US 12,236,970 B2
Separating speech by source in audio recordings by predicting isolated audio signals conditioned on speaker representations
Neil Zeghidour, Paris (FR); and David Grangier, Mountain View, CA (US)
Assigned to Google LLC, Mountain View, CA (US)
Filed by Google LLC, Mountain View, CA (US)
Filed on Oct. 17, 2022, as Appl. No. 17/967,726.
Application 17/967,726 is a continuation of application No. 17/170,657, filed on Feb. 8, 2021, granted, now 11,475,909.
Claims priority of provisional application 62/971,632, filed on Feb. 7, 2020.
Prior Publication US 2023/0112265 A1, Apr. 13, 2023
This patent is subject to a terminal disclaimer.
Int. Cl. G10L 21/028 (2013.01); G06N 3/045 (2023.01); G06N 3/08 (2023.01); G10L 17/04 (2013.01); G10L 17/18 (2013.01); G10L 21/0208 (2013.01); G10L 21/0272 (2013.01); G10L 21/0316 (2013.01); G10L 25/30 (2013.01)

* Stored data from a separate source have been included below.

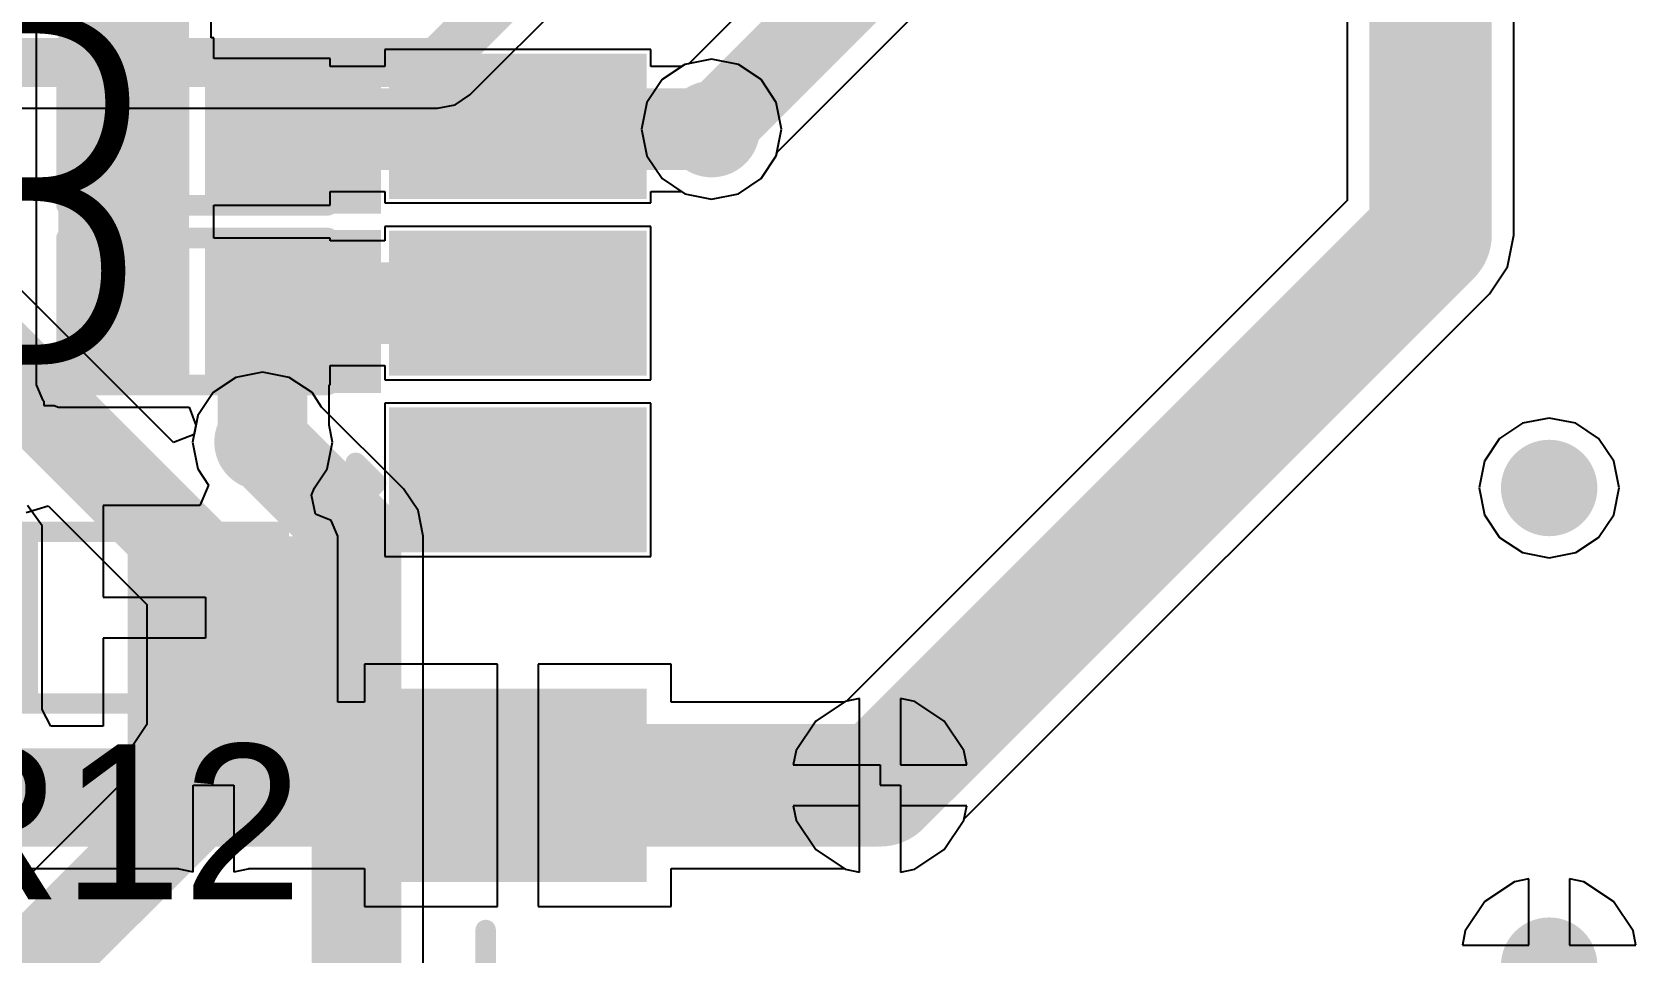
# Model space of a CAD drawing. Header units: millimetres. Extents: x -0.26 to 4.68, y -0.29 to 2.93.
# Drawn here: x 3.8586 to 4.2513, y 0.5709 to 0.7964 of the extents above; entities that cross this region are included whole.
import ezdxf

# ---------------------------------------------------------------- set-up
doc = ezdxf.new("R2010")
doc.units = ezdxf.units.MM
doc.header["$MEASUREMENT"] = 0
for name, color, linetype in [('BottomLayer', 5, 'Continuous'), ('BottomSolder', 6, 'Continuous'), ('TopLayer', 1, 'Continuous'), ('TopOverlay', 2, 'Continuous'), ('TopPaste', 8, 'Continuous'), ('TopSolder', 216, 'Continuous'), ('ViaHoleLayer', 16, 'Continuous')]:
    doc.layers.add(name, color=color, linetype=linetype)
doc.styles.add('Arial', font='arial.ttf', dxfattribs={"height": 0.2})

# ---------------------------------------------------------------- blocks, each defined once
blk = doc.blocks.new('R___0603_71')
at = {"layer": 'TopLayer'}
for points in [[(-0.015, 0.0175), (-0.015, -0.0175), (-0.045, -0.0175), (-0.045, 0.0175)], [(0.045, 0.0175), (0.045, -0.0175), (0.015, -0.0175), (0.015, 0.0175)]]:
    blk.add_hatch(color=1, dxfattribs=at).paths.add_polyline_path(points)
at = {"layer": 'TopPaste'}
for points in [[(-0.015, 0.0175), (-0.015, -0.0175), (-0.045, -0.0175), (-0.045, 0.0175)], [(0.045, 0.0175), (0.045, -0.0175), (0.015, -0.0175), (0.015, 0.0175)]]:
    blk.add_hatch(color=8, dxfattribs=at).paths.add_polyline_path(points)
at = {"layer": 'TopSolder'}
for points in [[(-0.011, 0.0215), (-0.011, -0.0215), (-0.049, -0.0215), (-0.049, 0.0215)], [(0.049, 0.0215), (0.049, -0.0215), (0.011, -0.0215), (0.011, 0.0215)]]:
    blk.add_hatch(color=216, dxfattribs=at).paths.add_polyline_path(points)
at = {"layer": 'TopOverlay', "const_width": 0.005}
for points in [[(0.048, 0.021), (-0.048, 0.021)], [(-0.048, 0.021), (-0.048, -0.021)], [(0.048, 0.021), (0.048, -0.021)], [(0.048, -0.021), (-0.048, -0.021)]]:
    blk.add_lwpolyline(points, dxfattribs=at)
at = {"layer": 'TopOverlay', "const_width": 0.0025}
for points in [[(-0.04925, 0.021, 1), (-0.04675, 0.021, 1)], [(-0.04925, 0.021, 1), (-0.04675, 0.021, 1)], [(0.04675, 0.021, 1), (0.04925, 0.021, 1)], [(0.04675, 0.021, 1), (0.04925, 0.021, 1)], [(-0.04925, -0.021, 1), (-0.04675, -0.021, 1)], [(-0.04925, -0.021, 1), (-0.04675, -0.021, 1)], [(0.04675, -0.021, 1), (0.04925, -0.021, 1)], [(0.04675, -0.021, 1), (0.04925, -0.021, 1)]]:
    blk.add_lwpolyline(points, format="xyb", close=True, dxfattribs=at)
blk = doc.blocks.new('DM3BT_DSF_PEJS_102')
at = {"layer": 'TopLayer'}
for points in [[(-0.20669, 0.32087), (-0.16732, 0.32087), (-0.16732, 0.26575), (-0.20669, 0.26575)], [(-0.12598, 0.26575), (-0.12598, 0.32087), (-0.09843, 0.32087), (-0.09843, 0.26575)], [(-0.08268, 0.26575), (-0.08268, 0.32087), (-0.05512, 0.32087), (-0.05512, 0.26575)], [(-0.03937, 0.26575), (-0.03937, 0.32087), (-0.01181, 0.32087), (-0.01181, 0.26575)]]:
    blk.add_hatch(color=1, dxfattribs=at).paths.add_polyline_path(points)
at = {"layer": 'TopPaste'}
for points in [[(-0.20669, 0.32087), (-0.16732, 0.32087), (-0.16732, 0.26575), (-0.20669, 0.26575)], [(-0.12598, 0.26575), (-0.12598, 0.32087), (-0.09843, 0.32087), (-0.09843, 0.26575)], [(-0.08268, 0.26575), (-0.08268, 0.32087), (-0.05512, 0.32087), (-0.05512, 0.26575)], [(-0.03937, 0.26575), (-0.03937, 0.32087), (-0.01181, 0.32087), (-0.01181, 0.26575)]]:
    blk.add_hatch(color=8, dxfattribs=at).paths.add_polyline_path(points)
at = {"layer": 'TopSolder'}
for points in [[(-0.21069, 0.32487), (-0.16332, 0.32487), (-0.16332, 0.26175), (-0.21069, 0.26175)], [(-0.12998, 0.26175), (-0.12998, 0.32487), (-0.09443, 0.32487), (-0.09443, 0.26175)], [(-0.08668, 0.26175), (-0.08668, 0.32487), (-0.05112, 0.32487), (-0.05112, 0.26175)], [(-0.04337, 0.26175), (-0.04337, 0.32487), (-0.00781, 0.32487), (-0.00781, 0.26175)]]:
    blk.add_hatch(color=216, dxfattribs=at).paths.add_polyline_path(points)
at = {"layer": 'TopOverlay', "const_width": 0.005}
for points in [[(-0.118, 0.333), (-0.108, 0.333)], [(-0.118, 0.333), (-0.113, 0.328)], [(-0.108, 0.333), (-0.113, 0.328)], [(-0.27559, 0.30118), (-0.22244, 0.30118)]]:
    blk.add_lwpolyline(points, dxfattribs=at)
at = {"layer": 'TopOverlay', "const_width": 0.0025}
for points in [[(-0.11925, 0.333, 1), (-0.11675, 0.333, 1)], [(-0.11925, 0.333, 1), (-0.11675, 0.333, 1)], [(-0.10925, 0.333, 1), (-0.10675, 0.333, 1)], [(-0.10925, 0.333, 1), (-0.10675, 0.333, 1)], [(-0.11425, 0.328, 1), (-0.11175, 0.328, 1)], [(-0.11425, 0.328, 1), (-0.11175, 0.328, 1)], [(-0.22369, 0.30118, 1), (-0.22119, 0.30118, 1)]]:
    blk.add_lwpolyline(points, format="xyb", close=True, dxfattribs=at)
blk = doc.blocks.new('DFN1006_2L__125')
at = {"layer": 'TopLayer'}
for points in [[(-0.02756, 0.01299), (-0.00591, 0.01299), (-0.00591, -0.01299), (-0.02756, -0.01299)], [(0.00591, 0.01299), (0.02756, 0.01299), (0.02756, -0.01299), (0.00591, -0.01299)]]:
    blk.add_hatch(color=1, dxfattribs=at).paths.add_polyline_path(points)
at = {"layer": 'TopOverlay'}
blk.add_hatch(color=2, dxfattribs=at).paths.add_polyline_path([(-0.045, -0.02), (-0.032, -0.02), (-0.032, 0.02), (-0.045, 0.02)])
at = {"layer": 'TopPaste'}
for points in [[(-0.02756, 0.01299), (-0.00591, 0.01299), (-0.00591, -0.01299), (-0.02756, -0.01299)], [(0.00591, 0.01299), (0.02756, 0.01299), (0.02756, -0.01299), (0.00591, -0.01299)]]:
    blk.add_hatch(color=8, dxfattribs=at).paths.add_polyline_path(points)
at = {"layer": 'TopSolder'}
for points in [[(-0.03156, 0.01699), (-0.00191, 0.01699), (-0.00191, -0.01699), (-0.03156, -0.01699)], [(0.00191, 0.01699), (0.03156, 0.01699), (0.03156, -0.01699), (0.00191, -0.01699)]]:
    blk.add_hatch(color=216, dxfattribs=at).paths.add_polyline_path(points)
at = {"layer": 'TopOverlay', "const_width": 0.005}
for points in [[(-0.032, 0.018), (-0.032, -0.018)], [(0.032, 0.018), (-0.032, 0.018)], [(0.032, 0.018), (0.032, -0.018)], [(0.032, -0.018), (-0.032, -0.018)]]:
    blk.add_lwpolyline(points, dxfattribs=at)
at = {"layer": 'TopOverlay', "const_width": 0.0025}
for points in [[(-0.03325, 0.018, 1), (-0.03075, 0.018, 1)], [(-0.03325, 0.018, 1), (-0.03075, 0.018, 1)], [(0.03075, 0.018, 1), (0.03325, 0.018, 1)], [(0.03075, 0.018, 1), (0.03325, 0.018, 1)], [(-0.03325, -0.018, 1), (-0.03075, -0.018, 1)], [(-0.03325, -0.018, 1), (-0.03075, -0.018, 1)], [(0.03075, -0.018, 1), (0.03325, -0.018, 1)], [(0.03075, -0.018, 1), (0.03325, -0.018, 1)]]:
    blk.add_lwpolyline(points, format="xyb", close=True, dxfattribs=at)
blk = doc.blocks.new('DFN1006_2L__126')
at = {"layer": 'TopLayer'}
for points in [[(-0.02756, 0.01299), (-0.00591, 0.01299), (-0.00591, -0.01299), (-0.02756, -0.01299)], [(0.00591, 0.01299), (0.02756, 0.01299), (0.02756, -0.01299), (0.00591, -0.01299)]]:
    blk.add_hatch(color=1, dxfattribs=at).paths.add_polyline_path(points)
at = {"layer": 'TopOverlay'}
blk.add_hatch(color=2, dxfattribs=at).paths.add_polyline_path([(-0.045, -0.02), (-0.032, -0.02), (-0.032, 0.02), (-0.045, 0.02)])
at = {"layer": 'TopPaste'}
for points in [[(-0.02756, 0.01299), (-0.00591, 0.01299), (-0.00591, -0.01299), (-0.02756, -0.01299)], [(0.00591, 0.01299), (0.02756, 0.01299), (0.02756, -0.01299), (0.00591, -0.01299)]]:
    blk.add_hatch(color=8, dxfattribs=at).paths.add_polyline_path(points)
at = {"layer": 'TopSolder'}
for points in [[(-0.03156, 0.01699), (-0.00191, 0.01699), (-0.00191, -0.01699), (-0.03156, -0.01699)], [(0.00191, 0.01699), (0.03156, 0.01699), (0.03156, -0.01699), (0.00191, -0.01699)]]:
    blk.add_hatch(color=216, dxfattribs=at).paths.add_polyline_path(points)
at = {"layer": 'TopOverlay', "const_width": 0.005}
for points in [[(-0.032, 0.018), (-0.032, -0.018)], [(0.032, 0.018), (-0.032, 0.018)], [(0.032, 0.018), (0.032, -0.018)], [(0.032, -0.018), (-0.032, -0.018)]]:
    blk.add_lwpolyline(points, dxfattribs=at)
at = {"layer": 'TopOverlay', "const_width": 0.0025}
for points in [[(-0.03325, 0.018, 1), (-0.03075, 0.018, 1)], [(-0.03325, 0.018, 1), (-0.03075, 0.018, 1)], [(0.03075, 0.018, 1), (0.03325, 0.018, 1)], [(0.03075, 0.018, 1), (0.03325, 0.018, 1)], [(-0.03325, -0.018, 1), (-0.03075, -0.018, 1)], [(-0.03325, -0.018, 1), (-0.03075, -0.018, 1)], [(0.03075, -0.018, 1), (0.03325, -0.018, 1)], [(0.03075, -0.018, 1), (0.03325, -0.018, 1)]]:
    blk.add_lwpolyline(points, format="xyb", close=True, dxfattribs=at)

msp = doc.modelspace()

# ---------------------------------------------------------------- hatches: boundary and pattern name
at = {"layer": 'BottomLayer'}
h = msp.add_hatch(color=5, dxfattribs=at)
edge = h.paths.add_edge_path()
edge.add_arc((4.02497, 0.77267), 0.01181, 0, 360)
h = msp.add_hatch(color=5, dxfattribs=at)
edge = h.paths.add_edge_path()
edge.add_arc((3.915, 0.696), 0.01181, 0, 360)
h = msp.add_hatch(color=5, dxfattribs=at)
edge = h.paths.add_edge_path()
edge.add_arc((4.23005, 0.68477), 0.01181, 0, 360)
h = msp.add_hatch(color=5, dxfattribs=at)
edge = h.paths.add_edge_path()
edge.add_arc((3.903, 0.612), 0.01181, 0, 360)
h = msp.add_hatch(color=5, dxfattribs=at)
edge = h.paths.add_edge_path()
edge.add_arc((4.06621, 0.61194), 0.01181, 0, 360)
h = msp.add_hatch(color=5, dxfattribs=at)
edge = h.paths.add_edge_path()
edge.add_arc((4.23005, 0.56777), 0.01181, 0, 360)
at = {"layer": 'BottomSolder'}
h = msp.add_hatch(color=6, dxfattribs=at)
edge = h.paths.add_edge_path()
edge.add_arc((4.02497, 0.77267), 0.00591, 0, 360)
h = msp.add_hatch(color=6, dxfattribs=at)
edge = h.paths.add_edge_path()
edge.add_arc((3.915, 0.696), 0.00591, 0, 360)
h = msp.add_hatch(color=6, dxfattribs=at)
edge = h.paths.add_edge_path()
edge.add_arc((4.23005, 0.68477), 0.00591, 0, 360)
h = msp.add_hatch(color=6, dxfattribs=at)
edge = h.paths.add_edge_path()
edge.add_arc((3.903, 0.612), 0.00591, 0, 360)
h = msp.add_hatch(color=6, dxfattribs=at)
edge = h.paths.add_edge_path()
edge.add_arc((4.06621, 0.61194), 0.00591, 0, 360)
h = msp.add_hatch(color=6, dxfattribs=at)
edge = h.paths.add_edge_path()
edge.add_arc((4.23005, 0.56777), 0.00591, 0, 360)
at = {"layer": 'TopLayer'}
for points in [[(3.865, 0.71), (3.897, 0.71), (3.897, 0.964), (3.865, 0.964)], [(3.882, 0.59694), (3.928, 0.59694), (3.928, 0.67294), (3.882, 0.67294)], [(3.78286, 0.59694), (3.888, 0.59694), (3.888, 0.621), (3.78286, 0.621)]]:
    msp.add_hatch(color=1, dxfattribs=at).paths.add_polyline_path(points)
h = msp.add_hatch(color=1, dxfattribs=at)
edge = h.paths.add_edge_path()
edge.add_arc((4.02497, 0.77267), 0.01181, 0, 360)
h = msp.add_hatch(color=1, dxfattribs=at)
edge = h.paths.add_edge_path()
edge.add_arc((3.915, 0.696), 0.01181, 0, 360)
h = msp.add_hatch(color=1, dxfattribs=at)
edge = h.paths.add_edge_path()
edge.add_arc((4.23005, 0.68477), 0.01181, 0, 360)
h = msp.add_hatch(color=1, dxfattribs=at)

CPC G10L 21/028 (2013.01) [G06N 3/045 (2023.01); G06N 3/08 (2013.01); G10L 17/04 (2013.01); G10L 17/18 (2013.01); G10L 21/0208 (2013.01); G10L 21/0272 (2013.01); G10L 21/0316 (2013.01); G10L 25/30 (2013.01); G10L 2021/02087 (2013.01)] 21 Claims
OG exemplary drawing
 
1. A method performed by one or more computers, the method comprising:
obtaining a recording comprising speech from a plurality of speakers;
processing the recording using a speaker neural network having speaker parameter values, comprising:
for each time step of multiple time steps, generating a respective set of per-time-step speaker representations, each per-time-step speaker representation representing features identifying a respective speaker in the recording for the time step;
generating a plurality of per-recording speaker representations based on the respective sets of per-time-step speaker representations, wherein each per-recording speaker representation represents features of a respective identified speaker in the recording;
processing the per-recording speaker representations and the recording using a separation neural network having separation parameter values, comprising:
for each per-recording speaker representation of the per-recording speaker representations, generating a respective predicted isolated audio signal that corresponds to speech of one of the speakers in the recording;
wherein the separation parameter values and the speaker parameters values are updated by training the speaker neural network and the separation neural network jointly using common training examples; wherein the speaker parameter values and the separation parameter values are updated by minimizing a separation loss between predicted isolated audio signals generated by the separation neural network and corresponding ground-truth audio signals in the common training samples, and the speaker parameter values are updated by minimizing a speaker loss, wherein the speaker loss measures, at each time step of the multiple time steps in a given common training example, (i) a first distance between a per-time-step speaker representation identifying a corresponding speaker and an embedding for the speaker for the time step and (ii) a second distance between two different per-time-step speaker representations at the same time step.